**Your task:** Below is a listing; restate from it, character for character, the lines beginning at the line holding "Gain1 : Gain" and ending at the line holding "Scope6 settings: ActiveDisplayYMinimum=-1", both included.

- - - - - - -

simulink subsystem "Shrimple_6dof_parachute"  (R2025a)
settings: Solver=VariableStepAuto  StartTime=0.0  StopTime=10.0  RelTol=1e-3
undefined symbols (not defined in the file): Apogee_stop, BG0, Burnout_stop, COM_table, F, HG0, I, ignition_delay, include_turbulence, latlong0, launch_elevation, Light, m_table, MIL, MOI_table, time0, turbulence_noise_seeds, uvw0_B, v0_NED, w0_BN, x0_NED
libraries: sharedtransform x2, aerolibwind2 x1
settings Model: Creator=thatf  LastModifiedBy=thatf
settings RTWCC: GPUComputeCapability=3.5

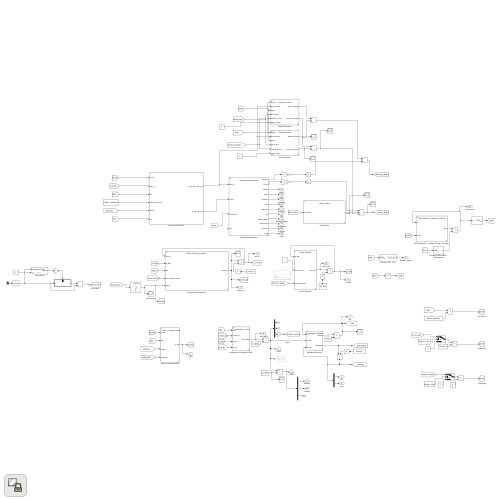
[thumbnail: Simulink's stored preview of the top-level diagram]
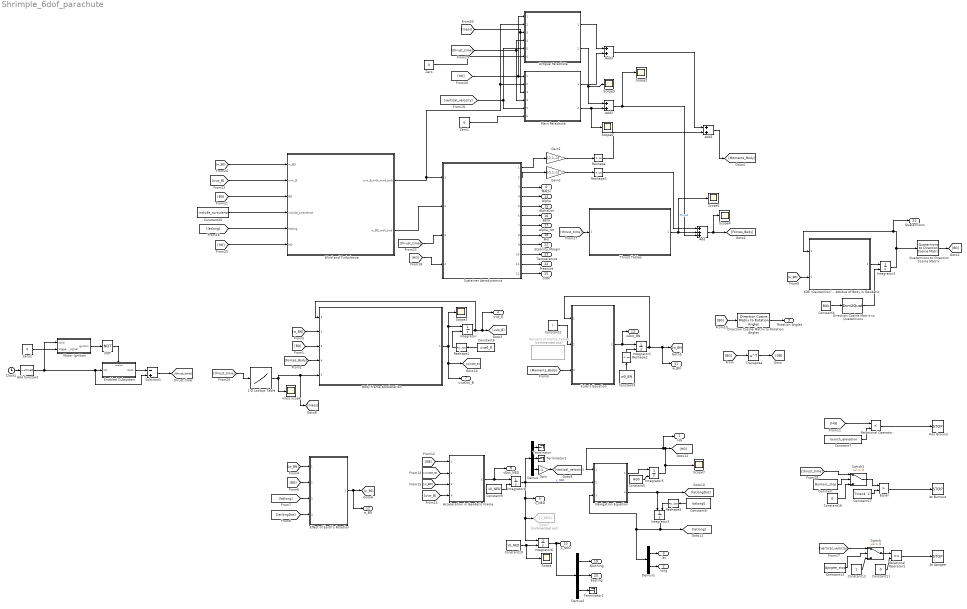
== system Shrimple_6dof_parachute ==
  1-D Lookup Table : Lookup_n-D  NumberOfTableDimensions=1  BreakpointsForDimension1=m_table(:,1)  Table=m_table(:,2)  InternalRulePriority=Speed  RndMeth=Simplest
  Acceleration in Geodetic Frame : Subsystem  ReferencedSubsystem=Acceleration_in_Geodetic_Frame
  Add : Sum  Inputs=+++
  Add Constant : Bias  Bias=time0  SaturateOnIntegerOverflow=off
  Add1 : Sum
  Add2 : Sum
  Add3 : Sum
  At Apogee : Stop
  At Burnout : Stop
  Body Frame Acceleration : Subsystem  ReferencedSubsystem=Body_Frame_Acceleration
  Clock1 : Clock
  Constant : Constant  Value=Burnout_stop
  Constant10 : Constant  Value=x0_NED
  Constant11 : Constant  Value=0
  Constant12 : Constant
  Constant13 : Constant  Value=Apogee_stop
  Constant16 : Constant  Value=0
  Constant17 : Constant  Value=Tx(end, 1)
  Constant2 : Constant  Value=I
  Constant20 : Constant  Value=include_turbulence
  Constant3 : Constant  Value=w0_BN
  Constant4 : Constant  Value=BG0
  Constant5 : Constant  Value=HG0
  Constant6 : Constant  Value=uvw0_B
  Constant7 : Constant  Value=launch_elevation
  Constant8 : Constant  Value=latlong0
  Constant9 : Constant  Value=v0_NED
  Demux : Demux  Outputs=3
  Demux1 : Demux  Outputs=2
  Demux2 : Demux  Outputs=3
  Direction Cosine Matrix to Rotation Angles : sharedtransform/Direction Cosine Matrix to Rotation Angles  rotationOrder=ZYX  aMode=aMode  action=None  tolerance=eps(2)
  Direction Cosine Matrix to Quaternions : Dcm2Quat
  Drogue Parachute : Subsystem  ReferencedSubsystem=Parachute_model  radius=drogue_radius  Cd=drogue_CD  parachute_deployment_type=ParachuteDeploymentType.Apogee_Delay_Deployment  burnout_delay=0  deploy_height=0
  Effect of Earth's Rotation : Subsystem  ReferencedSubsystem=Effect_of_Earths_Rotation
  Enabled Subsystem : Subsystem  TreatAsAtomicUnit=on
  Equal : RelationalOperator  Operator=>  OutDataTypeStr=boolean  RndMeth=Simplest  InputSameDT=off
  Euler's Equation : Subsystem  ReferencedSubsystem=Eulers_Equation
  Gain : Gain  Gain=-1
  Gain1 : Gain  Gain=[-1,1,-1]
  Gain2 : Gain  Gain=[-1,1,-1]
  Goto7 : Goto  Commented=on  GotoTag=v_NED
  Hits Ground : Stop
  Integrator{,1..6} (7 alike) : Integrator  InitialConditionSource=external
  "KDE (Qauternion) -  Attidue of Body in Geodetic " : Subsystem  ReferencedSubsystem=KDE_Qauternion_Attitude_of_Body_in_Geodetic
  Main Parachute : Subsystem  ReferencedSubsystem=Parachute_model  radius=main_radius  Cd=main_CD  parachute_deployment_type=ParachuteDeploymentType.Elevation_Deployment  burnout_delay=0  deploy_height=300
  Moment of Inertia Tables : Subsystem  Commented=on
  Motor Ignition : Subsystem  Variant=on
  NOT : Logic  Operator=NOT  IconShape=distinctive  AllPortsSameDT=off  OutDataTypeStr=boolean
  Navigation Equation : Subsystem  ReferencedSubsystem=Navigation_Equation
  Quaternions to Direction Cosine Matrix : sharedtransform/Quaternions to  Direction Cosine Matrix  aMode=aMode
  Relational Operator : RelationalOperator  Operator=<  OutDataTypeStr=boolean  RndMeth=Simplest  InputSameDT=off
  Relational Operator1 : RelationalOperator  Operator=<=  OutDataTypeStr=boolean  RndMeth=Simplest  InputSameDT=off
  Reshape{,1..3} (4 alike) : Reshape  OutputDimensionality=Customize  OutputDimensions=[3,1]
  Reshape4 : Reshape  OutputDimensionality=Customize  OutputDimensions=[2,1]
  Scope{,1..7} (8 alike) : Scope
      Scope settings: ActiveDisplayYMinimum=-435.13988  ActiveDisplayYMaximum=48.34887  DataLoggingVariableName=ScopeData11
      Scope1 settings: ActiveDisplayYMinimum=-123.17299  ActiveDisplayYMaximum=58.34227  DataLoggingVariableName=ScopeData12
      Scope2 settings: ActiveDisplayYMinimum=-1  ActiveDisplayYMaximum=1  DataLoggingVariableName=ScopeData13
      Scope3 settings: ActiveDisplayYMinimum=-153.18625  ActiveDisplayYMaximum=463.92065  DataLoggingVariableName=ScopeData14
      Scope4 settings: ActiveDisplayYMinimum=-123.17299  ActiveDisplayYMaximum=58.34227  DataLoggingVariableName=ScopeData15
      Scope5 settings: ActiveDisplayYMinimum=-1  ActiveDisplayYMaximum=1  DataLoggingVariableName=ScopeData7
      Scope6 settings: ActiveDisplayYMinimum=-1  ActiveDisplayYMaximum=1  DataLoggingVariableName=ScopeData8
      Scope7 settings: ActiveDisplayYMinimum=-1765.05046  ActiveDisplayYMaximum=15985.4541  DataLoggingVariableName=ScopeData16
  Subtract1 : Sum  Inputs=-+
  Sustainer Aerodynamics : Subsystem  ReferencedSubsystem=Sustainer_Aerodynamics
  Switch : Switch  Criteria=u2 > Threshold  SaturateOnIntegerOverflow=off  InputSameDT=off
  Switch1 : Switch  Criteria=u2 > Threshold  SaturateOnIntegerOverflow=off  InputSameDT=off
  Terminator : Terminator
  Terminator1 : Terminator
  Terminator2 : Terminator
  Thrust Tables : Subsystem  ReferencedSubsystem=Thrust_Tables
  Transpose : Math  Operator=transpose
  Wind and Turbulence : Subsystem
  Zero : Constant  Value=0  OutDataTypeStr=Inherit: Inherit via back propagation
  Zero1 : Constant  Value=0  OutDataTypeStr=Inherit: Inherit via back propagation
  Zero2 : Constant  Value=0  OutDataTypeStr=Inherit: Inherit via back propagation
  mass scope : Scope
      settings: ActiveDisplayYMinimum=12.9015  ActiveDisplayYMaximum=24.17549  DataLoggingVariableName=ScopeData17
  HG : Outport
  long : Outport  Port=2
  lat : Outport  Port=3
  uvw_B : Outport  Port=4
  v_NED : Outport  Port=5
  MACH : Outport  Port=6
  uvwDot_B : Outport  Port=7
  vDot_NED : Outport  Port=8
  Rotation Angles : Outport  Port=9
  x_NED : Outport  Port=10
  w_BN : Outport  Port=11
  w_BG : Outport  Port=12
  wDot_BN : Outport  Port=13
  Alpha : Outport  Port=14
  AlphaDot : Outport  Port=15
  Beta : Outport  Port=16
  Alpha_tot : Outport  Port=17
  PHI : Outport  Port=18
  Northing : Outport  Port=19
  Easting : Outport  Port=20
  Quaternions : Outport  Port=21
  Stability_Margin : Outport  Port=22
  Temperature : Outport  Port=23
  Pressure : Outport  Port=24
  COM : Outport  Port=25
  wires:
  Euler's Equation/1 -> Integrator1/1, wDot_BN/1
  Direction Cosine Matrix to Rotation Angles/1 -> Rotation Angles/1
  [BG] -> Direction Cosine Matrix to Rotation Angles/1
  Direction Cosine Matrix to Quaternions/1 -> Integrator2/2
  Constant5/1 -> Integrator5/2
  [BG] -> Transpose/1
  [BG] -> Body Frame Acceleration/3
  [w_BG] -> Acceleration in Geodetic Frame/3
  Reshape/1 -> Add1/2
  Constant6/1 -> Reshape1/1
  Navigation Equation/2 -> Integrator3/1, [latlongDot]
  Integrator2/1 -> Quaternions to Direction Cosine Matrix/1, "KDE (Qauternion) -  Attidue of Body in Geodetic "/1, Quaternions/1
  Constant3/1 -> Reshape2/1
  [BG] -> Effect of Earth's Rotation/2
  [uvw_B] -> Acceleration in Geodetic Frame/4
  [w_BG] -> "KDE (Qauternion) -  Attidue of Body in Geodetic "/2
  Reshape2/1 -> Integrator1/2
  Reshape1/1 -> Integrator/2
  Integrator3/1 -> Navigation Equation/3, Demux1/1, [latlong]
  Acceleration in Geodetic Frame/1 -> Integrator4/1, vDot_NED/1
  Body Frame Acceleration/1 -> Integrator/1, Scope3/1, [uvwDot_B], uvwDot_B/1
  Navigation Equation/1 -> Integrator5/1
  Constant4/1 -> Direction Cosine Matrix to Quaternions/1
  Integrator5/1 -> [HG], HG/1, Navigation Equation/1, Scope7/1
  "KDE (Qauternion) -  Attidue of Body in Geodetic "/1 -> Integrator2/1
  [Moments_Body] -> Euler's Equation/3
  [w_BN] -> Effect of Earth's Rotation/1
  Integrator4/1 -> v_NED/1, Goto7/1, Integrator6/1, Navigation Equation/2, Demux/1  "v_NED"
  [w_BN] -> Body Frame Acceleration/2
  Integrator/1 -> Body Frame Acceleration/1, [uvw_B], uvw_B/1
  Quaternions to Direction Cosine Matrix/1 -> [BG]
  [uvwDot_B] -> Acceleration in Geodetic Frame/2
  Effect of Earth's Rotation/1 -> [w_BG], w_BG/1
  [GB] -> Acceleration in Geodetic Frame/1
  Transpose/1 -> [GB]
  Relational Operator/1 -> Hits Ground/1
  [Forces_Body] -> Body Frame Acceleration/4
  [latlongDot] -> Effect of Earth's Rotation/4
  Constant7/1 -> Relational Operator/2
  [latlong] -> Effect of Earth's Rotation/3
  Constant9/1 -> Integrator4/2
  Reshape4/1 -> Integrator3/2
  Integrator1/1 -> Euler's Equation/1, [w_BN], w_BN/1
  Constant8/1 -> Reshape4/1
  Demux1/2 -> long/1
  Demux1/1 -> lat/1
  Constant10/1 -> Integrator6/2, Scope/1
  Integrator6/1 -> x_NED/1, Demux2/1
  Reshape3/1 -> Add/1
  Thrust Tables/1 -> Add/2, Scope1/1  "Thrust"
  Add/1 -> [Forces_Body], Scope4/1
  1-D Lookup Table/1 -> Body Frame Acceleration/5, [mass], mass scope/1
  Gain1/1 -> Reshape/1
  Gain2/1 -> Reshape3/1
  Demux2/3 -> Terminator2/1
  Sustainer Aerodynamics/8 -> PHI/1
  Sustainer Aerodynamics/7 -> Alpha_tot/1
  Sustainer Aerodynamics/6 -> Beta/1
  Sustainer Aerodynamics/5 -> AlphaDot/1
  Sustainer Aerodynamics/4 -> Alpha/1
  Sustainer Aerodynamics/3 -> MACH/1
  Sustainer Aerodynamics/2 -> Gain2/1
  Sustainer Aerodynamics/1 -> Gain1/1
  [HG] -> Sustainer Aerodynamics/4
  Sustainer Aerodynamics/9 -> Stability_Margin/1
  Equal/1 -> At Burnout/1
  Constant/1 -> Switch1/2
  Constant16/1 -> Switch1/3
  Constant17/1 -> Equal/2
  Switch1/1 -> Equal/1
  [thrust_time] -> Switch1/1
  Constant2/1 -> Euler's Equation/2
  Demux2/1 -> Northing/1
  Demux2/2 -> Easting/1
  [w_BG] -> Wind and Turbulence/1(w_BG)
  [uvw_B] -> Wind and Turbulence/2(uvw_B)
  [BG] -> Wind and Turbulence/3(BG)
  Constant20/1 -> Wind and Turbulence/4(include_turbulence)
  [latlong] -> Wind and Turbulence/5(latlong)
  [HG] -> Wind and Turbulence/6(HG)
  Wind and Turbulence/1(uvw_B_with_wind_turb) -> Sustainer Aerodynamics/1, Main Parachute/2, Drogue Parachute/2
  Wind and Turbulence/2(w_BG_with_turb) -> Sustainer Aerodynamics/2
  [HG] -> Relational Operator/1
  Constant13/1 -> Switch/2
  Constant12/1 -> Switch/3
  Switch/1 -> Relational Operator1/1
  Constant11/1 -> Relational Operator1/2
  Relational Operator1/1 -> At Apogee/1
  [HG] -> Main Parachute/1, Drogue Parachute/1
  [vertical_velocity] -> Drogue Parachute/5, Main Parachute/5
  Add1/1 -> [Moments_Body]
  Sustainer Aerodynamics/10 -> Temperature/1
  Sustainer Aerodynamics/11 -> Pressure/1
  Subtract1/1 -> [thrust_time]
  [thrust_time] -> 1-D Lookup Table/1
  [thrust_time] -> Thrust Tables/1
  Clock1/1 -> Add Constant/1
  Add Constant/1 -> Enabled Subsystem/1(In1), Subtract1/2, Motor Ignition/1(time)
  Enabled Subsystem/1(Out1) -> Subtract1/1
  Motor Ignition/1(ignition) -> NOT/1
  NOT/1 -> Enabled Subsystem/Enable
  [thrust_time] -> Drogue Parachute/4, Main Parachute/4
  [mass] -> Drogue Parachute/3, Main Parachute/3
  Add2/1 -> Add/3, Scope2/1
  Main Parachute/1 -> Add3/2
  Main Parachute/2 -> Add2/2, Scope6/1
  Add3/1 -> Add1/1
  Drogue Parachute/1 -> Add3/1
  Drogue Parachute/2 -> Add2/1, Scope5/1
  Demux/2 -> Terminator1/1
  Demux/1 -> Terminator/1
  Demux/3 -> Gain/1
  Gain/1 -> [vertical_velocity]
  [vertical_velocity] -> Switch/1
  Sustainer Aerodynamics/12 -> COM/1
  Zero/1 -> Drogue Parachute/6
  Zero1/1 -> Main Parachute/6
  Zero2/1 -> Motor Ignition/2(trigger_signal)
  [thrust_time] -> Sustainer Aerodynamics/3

- - - - - - -

**Your response:**
  Gain1 : Gain  Gain=[-1,1,-1]
  Gain2 : Gain  Gain=[-1,1,-1]
  Goto7 : Goto  Commented=on  GotoTag=v_NED
  Hits Ground : Stop
  Integrator{,1..6} (7 alike) : Integrator  InitialConditionSource=external
  "KDE (Qauternion) -  Attidue of Body in Geodetic " : Subsystem  ReferencedSubsystem=KDE_Qauternion_Attitude_of_Body_in_Geodetic
  Main Parachute : Subsystem  ReferencedSubsystem=Parachute_model  radius=main_radius  Cd=main_CD  parachute_deployment_type=ParachuteDeploymentType.Elevation_Deployment  burnout_delay=0  deploy_height=300
  Moment of Inertia Tables : Subsystem  Commented=on
  Motor Ignition : Subsystem  Variant=on
  NOT : Logic  Operator=NOT  IconShape=distinctive  AllPortsSameDT=off  OutDataTypeStr=boolean
  Navigation Equation : Subsystem  ReferencedSubsystem=Navigation_Equation
  Quaternions to Direction Cosine Matrix : sharedtransform/Quaternions to  Direction Cosine Matrix  aMode=aMode
  Relational Operator : RelationalOperator  Operator=<  OutDataTypeStr=boolean  RndMeth=Simplest  InputSameDT=off
  Relational Operator1 : RelationalOperator  Operator=<=  OutDataTypeStr=boolean  RndMeth=Simplest  InputSameDT=off
  Reshape{,1..3} (4 alike) : Reshape  OutputDimensionality=Customize  OutputDimensions=[3,1]
  Reshape4 : Reshape  OutputDimensionality=Customize  OutputDimensions=[2,1]
  Scope{,1..7} (8 alike) : Scope
      Scope settings: ActiveDisplayYMinimum=-435.13988  ActiveDisplayYMaximum=48.34887  DataLoggingVariableName=ScopeData11
      Scope1 settings: ActiveDisplayYMinimum=-123.17299  ActiveDisplayYMaximum=58.34227  DataLoggingVariableName=ScopeData12
      Scope2 settings: ActiveDisplayYMinimum=-1  ActiveDisplayYMaximum=1  DataLoggingVariableName=ScopeData13
      Scope3 settings: ActiveDisplayYMinimum=-153.18625  ActiveDisplayYMaximum=463.92065  DataLoggingVariableName=ScopeData14
      Scope4 settings: ActiveDisplayYMinimum=-123.17299  ActiveDisplayYMaximum=58.34227  DataLoggingVariableName=ScopeData15
      Scope5 settings: ActiveDisplayYMinimum=-1  ActiveDisplayYMaximum=1  DataLoggingVariableName=ScopeData7
      Scope6 settings: ActiveDisplayYMinimum=-1  ActiveDisplayYMaximum=1  DataLoggingVariableName=ScopeData8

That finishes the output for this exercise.